AgiBot décroche 18 médailles d’or avec ses humanoïdes de série
À peine les robots avaient-ils fini de travailler à l’usine qu’ils ont été « autorisés à prendre congé » pour rejoindre l’arène. Pour sa première participation aux Jeux mondiaux des robots humanoïdes, AgiBot a remporté 18 médailles d’or, 16 d’argent et 12 de bronze. Surtout, les modèles engagés étaient tous des modèles de série, et non des machines fabriquées spécialement pour la compétition. Le média ifanr rapporte que ces « travailleurs » ont apporté au concours leur expérience des situations réelles.
Les démonstrations de mouvements prennent ainsi une dimension professionnelle. La main dextrale de l’équipe conjointe de l’université de Wuhan et d’AgiBot a pesé 20 g de sel en 27 secondes, tout en saisissant des haricots et en empilant des cubes. L’Expedition A3 a enchaîné, dans l’épreuve de tai-chi, des mouvements tels que le coup de pied sauté, le lotus extérieur et la posture du cavalier. Le Lingxi X2, lui, a contourné des obstacles, les a franchis et traversé des espaces exigus lors de la course d’obstacles de 100 m. Les mouvements de tai-chi ont été appris à partir de données de mouvement, puis corrigés à répétition grâce à Sim2Real — entraînement dans un environnement simulé avant transfert vers une machine réelle — afin de compenser les écarts dus aux frottements, aux jeux articulaires et aux erreurs des capteurs.
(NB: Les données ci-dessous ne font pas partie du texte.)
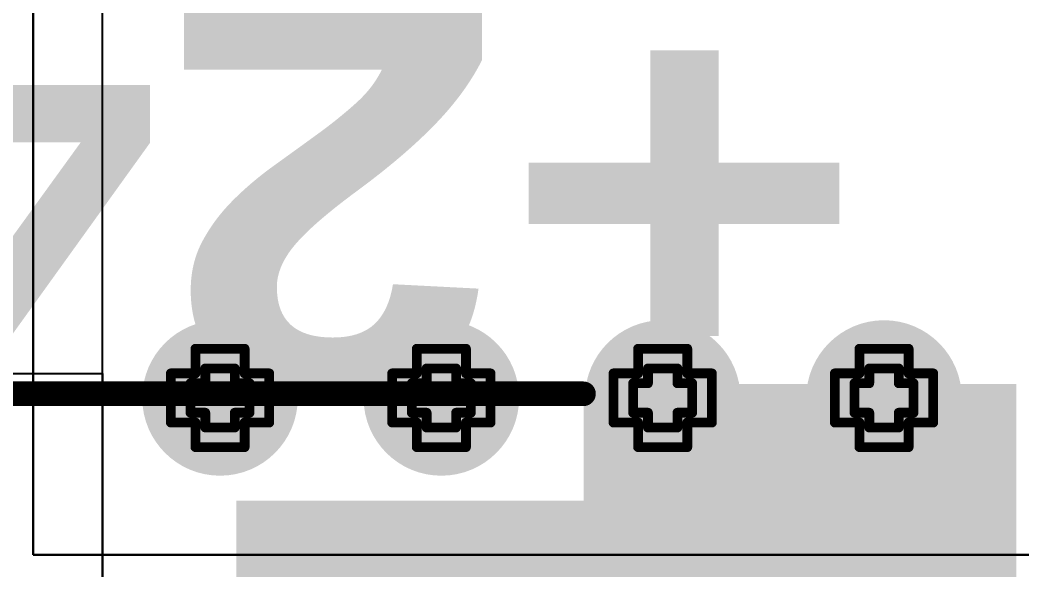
# Model space of a CAD drawing. Header units: inches. Extents: x -4 to 5258, y -4 to 5281.
# Drawn here: x 127.42 to 132.6, y 92.59 to 95.43 of the extents above; entities that cross this region are included whole.
import ezdxf

# ---------------------------------------------------------------- set-up
doc = ezdxf.new("R2010")
doc.units = ezdxf.units.IN
for name, color, linetype in [('Bottom Layer', 5, 'Continuous'), ('Bottom Solder', 6, 'Continuous'), ('Drill Drawing', 1, 'Continuous'), ('Layer 1', 16, 'Continuous'), ('Layer 2', 76, 'Continuous'), ('Top Layer', 1, 'Continuous'), ('Top Overlay', 2, 'Continuous'), ('Top Paste', 8, 'Continuous'), ('Top Solder', 216, 'Continuous'), ('Via Holes', 16, 'Continuous')]:
    doc.layers.add(name, color=color, linetype=linetype)
doc.styles.add('Arial Black_Bold', font='', dxfattribs={"height": 0.2})
doc.styles.get('Arial Black_Bold').set_extended_font_data('Arial Black', bold=True)

# ---------------------------------------------------------------- blocks, each defined once
blk = doc.blocks.new('SMB__232')
at = {"layer": 'Top Layer'}
blk.add_hatch(color=1, dxfattribs=at).paths.add_polyline_path([(0.9, -1.2), (0.9, 1.2), (3.7, 1.2), (3.7, -1.2)])
at = {"layer": 'Top Overlay'}
for points in [[(2.5909, 1.2446), (4.8261, 1.2446), (4.8261, 1.905), (2.5909, 1.905)], [(3.7338, -1.651), (4.826, -1.651), (4.826, 1.3462), (3.7338, 1.3462)]]:
    blk.add_hatch(color=2, dxfattribs=at).paths.add_polyline_path(points)
at = {"layer": 'Top Paste'}
blk.add_hatch(color=8, dxfattribs=at).paths.add_polyline_path([(0.9, -1.2), (0.9, 1.2), (3.7, 1.2), (3.7, -1.2)])
at = {"layer": 'Top Solder'}
blk.add_hatch(color=216, dxfattribs=at).paths.add_polyline_path([(0.7984, -1.3016), (0.7984, 1.3016), (3.8016, 1.3016), (3.8016, -1.3016)])
at = {"layer": 'Top Overlay'}
blk.add_lwpolyline([(-2.2098, 1.8542, 0.127, 0.127, 0), (2.5908, 1.8542, 0.127, 0.127, 0)], format="xyseb", dxfattribs=at)
blk.add_lwpolyline([(2.5591, 1.8542, 0.0635, 0.0635, 1), (2.6225, 1.8542, 0.0635, 0.0635, 1)], format="xyseb", close=True, dxfattribs=at)

msp = doc.modelspace()

# ---------------------------------------------------------------- hatches: boundary and pattern name
at = {"layer": 'Bottom Layer'}
h = msp.add_hatch(color=5, dxfattribs=at)
edge = h.paths.add_edge_path()
edge.add_arc((128.4562, 93.4737), 0.3, 0, 360)
h = msp.add_hatch(color=5, dxfattribs=at)
edge = h.paths.add_edge_path()
edge.add_arc((129.5992, 93.4737), 0.3, 0, 360)
h = msp.add_hatch(color=5, dxfattribs=at)
edge = h.paths.add_edge_path()
edge.add_arc((130.7422, 93.4737), 0.3, 0, 360)
h = msp.add_hatch(color=5, dxfattribs=at)
edge = h.paths.add_edge_path()
edge.add_arc((131.8852, 93.4737), 0.3, 0, 360)
at = {"layer": 'Bottom Solder'}
h = msp.add_hatch(color=6, dxfattribs=at)
edge = h.paths.add_edge_path()
edge.add_arc((128.4562, 93.4737), 0.4016, 0, 360)
h = msp.add_hatch(color=6, dxfattribs=at)
edge = h.paths.add_edge_path()
edge.add_arc((129.5992, 93.4737), 0.4016, 0, 360)
h = msp.add_hatch(color=6, dxfattribs=at)
edge = h.paths.add_edge_path()
edge.add_arc((130.7422, 93.4737), 0.4016, 0, 360)
h = msp.add_hatch(color=6, dxfattribs=at)
edge = h.paths.add_edge_path()
edge.add_arc((131.8852, 93.4737), 0.4016, 0, 360)
at = {"layer": 'Layer 1'}
h = msp.add_hatch(color=16, dxfattribs=at)
edge = h.paths.add_edge_path()
edge.add_arc((128.4562, 93.4737), 0.3, 0, 360)
h = msp.add_hatch(color=16, dxfattribs=at)
edge = h.paths.add_edge_path()
edge.add_arc((129.5992, 93.4737), 0.3, 0, 360)
h = msp.add_hatch(color=16, dxfattribs=at)
edge = h.paths.add_edge_path()
edge.add_arc((130.7422, 93.4737), 0.3, 0, 360)
h = msp.add_hatch(color=16, dxfattribs=at)
edge = h.paths.add_edge_path()
edge.add_arc((131.8852, 93.4737), 0.3, 0, 360)
at = {"layer": 'Layer 2'}
h = msp.add_hatch(color=76, dxfattribs=at)
edge = h.paths.add_edge_path()
edge.add_arc((128.4562, 93.4737), 0.3, 0, 360)
h = msp.add_hatch(color=76, dxfattribs=at)
edge = h.paths.add_edge_path()
edge.add_arc((129.5992, 93.4737), 0.3, 0, 360)
h = msp.add_hatch(color=76, dxfattribs=at)
edge = h.paths.add_edge_path()
edge.add_arc((130.7422, 93.4737), 0.3, 0, 360)
h = msp.add_hatch(color=76, dxfattribs=at)
edge = h.paths.add_edge_path()
edge.add_arc((131.8852, 93.4737), 0.3, 0, 360)
at = {"layer": 'Top Layer'}
h = msp.add_hatch(color=1, dxfattribs=at)
edge = h.paths.add_edge_path()
edge.add_arc((128.4562, 93.4737), 0.3, 0, 360)
h = msp.add_hatch(color=1, dxfattribs=at)
edge = h.paths.add_edge_path()
edge.add_arc((129.5992, 93.4737), 0.3, 0, 360)
h = msp.add_hatch(color=1, dxfattribs=at)
edge = h.paths.add_edge_path()
edge.add_arc((130.7422, 93.4737), 0.3, 0, 360)
h = msp.add_hatch(color=1, dxfattribs=at)
edge = h.paths.add_edge_path()
edge.add_arc((131.8852, 93.4737), 0.3, 0, 360)
at = {"layer": 'Top Solder'}
h = msp.add_hatch(color=216, dxfattribs=at)
edge = h.paths.add_edge_path()
edge.add_arc((128.4562, 93.4737), 0.4016, 0, 360)
h = msp.add_hatch(color=216, dxfattribs=at)
edge = h.paths.add_edge_path()
edge.add_arc((129.5992, 93.4737), 0.4016, 0, 360)
h = msp.add_hatch(color=216, dxfattribs=at)
edge = h.paths.add_edge_path()
edge.add_arc((130.7422, 93.4737), 0.4016, 0, 360)
h = msp.add_hatch(color=216, dxfattribs=at)
edge = h.paths.add_edge_path()
edge.add_arc((131.8852, 93.4737), 0.4016, 0, 360)
at = {"layer": 'Via Holes'}
h = msp.add_hatch(color=7, dxfattribs=at)
edge = h.paths.add_edge_path()
edge.add_arc((128.4562, 93.4737), 0.15, 0, 360)
h = msp.add_hatch(color=7, dxfattribs=at)
edge = h.paths.add_edge_path()
edge.add_arc((129.5992, 93.4737), 0.15, 0, 360)
h = msp.add_hatch(color=7, dxfattribs=at)
edge = h.paths.add_edge_path()
edge.add_arc((130.7422, 93.4737), 0.15, 0, 360)
h = msp.add_hatch(color=7, dxfattribs=at)
edge = h.paths.add_edge_path()
edge.add_arc((131.8852, 93.4737), 0.15, 0, 360)

# ---------------------------------------------------------------- linework, layer by layer
at = {"layer": 'Drill Drawing'}
for points in [[(128.3292, 93.6007, 0.0508, 0.0508, 0), (128.3292, 93.7277, 0.0508, 0.0508, 0)], [(128.3292, 93.7277, 0.0508, 0.0508, 0), (128.5832, 93.7277, 0.0508, 0.0508, 0)], [(128.5832, 93.6007, 0.0508, 0.0508, 0), (128.5832, 93.7277, 0.0508, 0.0508, 0)], [(129.4722, 93.6007, 0.0508, 0.0508, 0), (129.4722, 93.7277, 0.0508, 0.0508, 0)], [(129.4722, 93.7277, 0.0508, 0.0508, 0), (129.7262, 93.7277, 0.0508, 0.0508, 0)], [(129.7262, 93.6007, 0.0508, 0.0508, 0), (129.7262, 93.7277, 0.0508, 0.0508, 0)], [(130.6152, 93.6007, 0.0508, 0.0508, 0), (130.6152, 93.7277, 0.0508, 0.0508, 0)], [(130.6152, 93.7277, 0.0508, 0.0508, 0), (130.8692, 93.7277, 0.0508, 0.0508, 0)], [(130.8692, 93.6007, 0.0508, 0.0508, 0), (130.8692, 93.7277, 0.0508, 0.0508, 0)], [(131.7582, 93.6007, 0.0508, 0.0508, 0), (131.7582, 93.7277, 0.0508, 0.0508, 0)], [(131.7582, 93.7277, 0.0508, 0.0508, 0), (132.0122, 93.7277, 0.0508, 0.0508, 0)], [(132.0122, 93.6007, 0.0508, 0.0508, 0), (132.0122, 93.7277, 0.0508, 0.0508, 0)], [(128.2022, 93.3467, 0.0508, 0.0508, 0), (128.2022, 93.6007, 0.0508, 0.0508, 0)], [(128.2022, 93.6007, 0.0508, 0.0508, 0), (128.3292, 93.6007, 0.0508, 0.0508, 0)], [(128.38, 93.5499, 0.0508, 0.0508, 0), (128.38, 93.6261, 0.0508, 0.0508, 0)], [(128.38, 93.6261, 0.0508, 0.0508, 0), (128.5324, 93.6261, 0.0508, 0.0508, 0)], [(128.5324, 93.5499, 0.0508, 0.0508, 0), (128.5324, 93.6261, 0.0508, 0.0508, 0)], [(128.5832, 93.6007, 0.0508, 0.0508, 0), (128.7102, 93.6007, 0.0508, 0.0508, 0)], [(128.7102, 93.3467, 0.0508, 0.0508, 0), (128.7102, 93.6007, 0.0508, 0.0508, 0)], [(129.3452, 93.3467, 0.0508, 0.0508, 0), (129.3452, 93.6007, 0.0508, 0.0508, 0)], [(129.3452, 93.6007, 0.0508, 0.0508, 0), (129.4722, 93.6007, 0.0508, 0.0508, 0)], [(129.523, 93.5499, 0.0508, 0.0508, 0), (129.523, 93.6261, 0.0508, 0.0508, 0)], [(129.523, 93.6261, 0.0508, 0.0508, 0), (129.6754, 93.6261, 0.0508, 0.0508, 0)], [(129.6754, 93.5499, 0.0508, 0.0508, 0), (129.6754, 93.6261, 0.0508, 0.0508, 0)], [(129.7262, 93.6007, 0.0508, 0.0508, 0), (129.8532, 93.6007, 0.0508, 0.0508, 0)], [(129.8532, 93.3467, 0.0508, 0.0508, 0), (129.8532, 93.6007, 0.0508, 0.0508, 0)], [(130.4882, 93.3467, 0.0508, 0.0508, 0), (130.4882, 93.6007, 0.0508, 0.0508, 0)], [(130.4882, 93.6007, 0.0508, 0.0508, 0), (130.6152, 93.6007, 0.0508, 0.0508, 0)], [(130.666, 93.5499, 0.0508, 0.0508, 0), (130.666, 93.6261, 0.0508, 0.0508, 0)], [(130.666, 93.6261, 0.0508, 0.0508, 0), (130.8184, 93.6261, 0.0508, 0.0508, 0)], [(130.8184, 93.5499, 0.0508, 0.0508, 0), (130.8184, 93.6261, 0.0508, 0.0508, 0)], [(130.8692, 93.6007, 0.0508, 0.0508, 0), (130.9962, 93.6007, 0.0508, 0.0508, 0)], [(130.9962, 93.3467, 0.0508, 0.0508, 0), (130.9962, 93.6007, 0.0508, 0.0508, 0)], [(131.6312, 93.3467, 0.0508, 0.0508, 0), (131.6312, 93.6007, 0.0508, 0.0508, 0)], [(131.6312, 93.6007, 0.0508, 0.0508, 0), (131.7582, 93.6007, 0.0508, 0.0508, 0)], [(131.809, 93.5499, 0.0508, 0.0508, 0), (131.809, 93.6261, 0.0508, 0.0508, 0)], [(131.809, 93.6261, 0.0508, 0.0508, 0), (131.9614, 93.6261, 0.0508, 0.0508, 0)], [(131.9614, 93.5499, 0.0508, 0.0508, 0), (131.9614, 93.6261, 0.0508, 0.0508, 0)], [(132.0122, 93.6007, 0.0508, 0.0508, 0), (132.1392, 93.6007, 0.0508, 0.0508, 0)], [(132.1392, 93.3467, 0.0508, 0.0508, 0), (132.1392, 93.6007, 0.0508, 0.0508, 0)], [(128.3038, 93.3975, 0.0508, 0.0508, 0), (128.3038, 93.5499, 0.0508, 0.0508, 0)], [(128.3038, 93.5499, 0.0508, 0.0508, 0), (128.38, 93.5499, 0.0508, 0.0508, 0)], [(128.5324, 93.5499, 0.0508, 0.0508, 0), (128.6086, 93.5499, 0.0508, 0.0508, 0)], [(128.6086, 93.3975, 0.0508, 0.0508, 0), (128.6086, 93.5499, 0.0508, 0.0508, 0)], [(129.4468, 93.3975, 0.0508, 0.0508, 0), (129.4468, 93.5499, 0.0508, 0.0508, 0)], [(129.4468, 93.5499, 0.0508, 0.0508, 0), (129.523, 93.5499, 0.0508, 0.0508, 0)], [(129.6754, 93.5499, 0.0508, 0.0508, 0), (129.7516, 93.5499, 0.0508, 0.0508, 0)], [(129.7516, 93.3975, 0.0508, 0.0508, 0), (129.7516, 93.5499, 0.0508, 0.0508, 0)], [(130.5898, 93.3975, 0.0508, 0.0508, 0), (130.5898, 93.5499, 0.0508, 0.0508, 0)], [(130.5898, 93.5499, 0.0508, 0.0508, 0), (130.666, 93.5499, 0.0508, 0.0508, 0)], [(130.8184, 93.5499, 0.0508, 0.0508, 0), (130.8946, 93.5499, 0.0508, 0.0508, 0)], [(130.8946, 93.3975, 0.0508, 0.0508, 0), (130.8946, 93.5499, 0.0508, 0.0508, 0)], [(131.7328, 93.3975, 0.0508, 0.0508, 0), (131.7328, 93.5499, 0.0508, 0.0508, 0)], [(131.7328, 93.5499, 0.0508, 0.0508, 0), (131.809, 93.5499, 0.0508, 0.0508, 0)], [(131.9614, 93.5499, 0.0508, 0.0508, 0), (132.0376, 93.5499, 0.0508, 0.0508, 0)], [(132.0376, 93.3975, 0.0508, 0.0508, 0), (132.0376, 93.5499, 0.0508, 0.0508, 0)], [(128.3038, 93.3975, 0.0508, 0.0508, 0), (128.38, 93.3975, 0.0508, 0.0508, 0)], [(128.38, 93.3213, 0.0508, 0.0508, 0), (128.38, 93.3975, 0.0508, 0.0508, 0)], [(128.5324, 93.3975, 0.0508, 0.0508, 0), (128.6086, 93.3975, 0.0508, 0.0508, 0)], [(128.5324, 93.3213, 0.0508, 0.0508, 0), (128.5324, 93.3975, 0.0508, 0.0508, 0)], [(129.4468, 93.3975, 0.0508, 0.0508, 0), (129.523, 93.3975, 0.0508, 0.0508, 0)], [(129.523, 93.3213, 0.0508, 0.0508, 0), (129.523, 93.3975, 0.0508, 0.0508, 0)], [(129.6754, 93.3975, 0.0508, 0.0508, 0), (129.7516, 93.3975, 0.0508, 0.0508, 0)], [(129.6754, 93.3213, 0.0508, 0.0508, 0), (129.6754, 93.3975, 0.0508, 0.0508, 0)], [(130.5898, 93.3975, 0.0508, 0.0508, 0), (130.666, 93.3975, 0.0508, 0.0508, 0)], [(130.666, 93.3213, 0.0508, 0.0508, 0), (130.666, 93.3975, 0.0508, 0.0508, 0)], [(130.8184, 93.3975, 0.0508, 0.0508, 0), (130.8946, 93.3975, 0.0508, 0.0508, 0)], [(130.8184, 93.3213, 0.0508, 0.0508, 0), (130.8184, 93.3975, 0.0508, 0.0508, 0)], [(131.7328, 93.3975, 0.0508, 0.0508, 0), (131.809, 93.3975, 0.0508, 0.0508, 0)], [(131.809, 93.3213, 0.0508, 0.0508, 0), (131.809, 93.3975, 0.0508, 0.0508, 0)], [(131.9614, 93.3975, 0.0508, 0.0508, 0), (132.0376, 93.3975, 0.0508, 0.0508, 0)], [(131.9614, 93.3213, 0.0508, 0.0508, 0), (131.9614, 93.3975, 0.0508, 0.0508, 0)], [(128.2022, 93.3467, 0.0508, 0.0508, 0), (128.3292, 93.3467, 0.0508, 0.0508, 0)], [(128.3292, 93.2197, 0.0508, 0.0508, 0), (128.3292, 93.3467, 0.0508, 0.0508, 0)], [(128.38, 93.3213, 0.0508, 0.0508, 0), (128.5324, 93.3213, 0.0508, 0.0508, 0)], [(128.5832, 93.3467, 0.0508, 0.0508, 0), (128.7102, 93.3467, 0.0508, 0.0508, 0)], [(128.5832, 93.2197, 0.0508, 0.0508, 0), (128.5832, 93.3467, 0.0508, 0.0508, 0)], [(129.3452, 93.3467, 0.0508, 0.0508, 0), (129.4722, 93.3467, 0.0508, 0.0508, 0)], [(129.4722, 93.2197, 0.0508, 0.0508, 0), (129.4722, 93.3467, 0.0508, 0.0508, 0)], [(129.523, 93.3213, 0.0508, 0.0508, 0), (129.6754, 93.3213, 0.0508, 0.0508, 0)], [(129.7262, 93.3467, 0.0508, 0.0508, 0), (129.8532, 93.3467, 0.0508, 0.0508, 0)], [(129.7262, 93.2197, 0.0508, 0.0508, 0), (129.7262, 93.3467, 0.0508, 0.0508, 0)], [(130.4882, 93.3467, 0.0508, 0.0508, 0), (130.6152, 93.3467, 0.0508, 0.0508, 0)], [(130.6152, 93.2197, 0.0508, 0.0508, 0), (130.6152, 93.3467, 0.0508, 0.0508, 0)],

Les détails les plus proches de la production sont apparus lors de l’épreuve de secours incendie. Un extincteur pèse de 4,5 à 5 kg, soit davantage que la charge maximale supportée par les pinces terminales de la grande majorité des robots humanoïdes disponibles sur le marché. Plutôt que de concevoir une pince coûteuse, AgiBot a ajouté une pièce structurelle au niveau du poignet : le robot s’est servi de la résistance de celui-ci pour accrocher l’extincteur, puis l’a déposé dans un bac de transport fixé au châssis. Avec une téléopération VR au-delà de la ligne de visée, une cartographie par cinématique inverse et un contrôle du corps entier avec retour de force, le robot peut absorber les chocs lorsqu’il entre en contact avec des poignées de porte, des vannes ou du matériel de lutte contre l’incendie, réduisant ainsi le risque d’arrêt déclenché par un contact imprévu.
Le rangement de livres a, lui, mis à l’épreuve la stabilité du travail en continu. AgiBot, l’université Tsinghua et l’université Jiao-tong de Shanghai ont formé une équipe commune pour transporter les livres sortis des rayonnages, les remettre à leur place et identifier puis corriger ceux qui avaient été mal rangés. Le modèle visuel ne lit pas seulement le texte des couvertures : il calcule aussi les points de préhension en fonction de l’épaisseur et de l’inclinaison des ouvrages, afin de permettre aux deux bras de retirer les livres et de les insérer dans le bon espace. AgiBot combine l’intelligence opérationnelle, l’intelligence motrice et l’intelligence interactive au sein d’une architecture de modèle full-stack, et utilise la chaîne de pensée d’action GO-2 pour décomposer les tâches de longue durée, ainsi que le modèle du monde GE-2 pour prédire les changements de l’environnement après chaque action.
Concrètement, le déploiement en usine est plus révélateur que les médailles. En juin de cette année, plusieurs Genie G2 d’AgiBot sont entrés dans l’usine de production de Longcheer à Nanchang, dans le Jiangxi, et ont réalisé au total 17 625 tâches, avec un taux de réussite de 99,99 %. Cela signifie que les robots ne se contentent plus d’exécuter un mouvement isolé en laboratoire : ils prennent en charge des tâches répétitives dans un environnement de production existant. La prise de contrôle humaine, l’intervalle entre les pannes, la récupération automatique, l’extension à de nouveaux sites clients et la viabilité économique unitaire détermineront toutefois encore s’ils peuvent passer de quelques usines à un déploiement à grande échelle.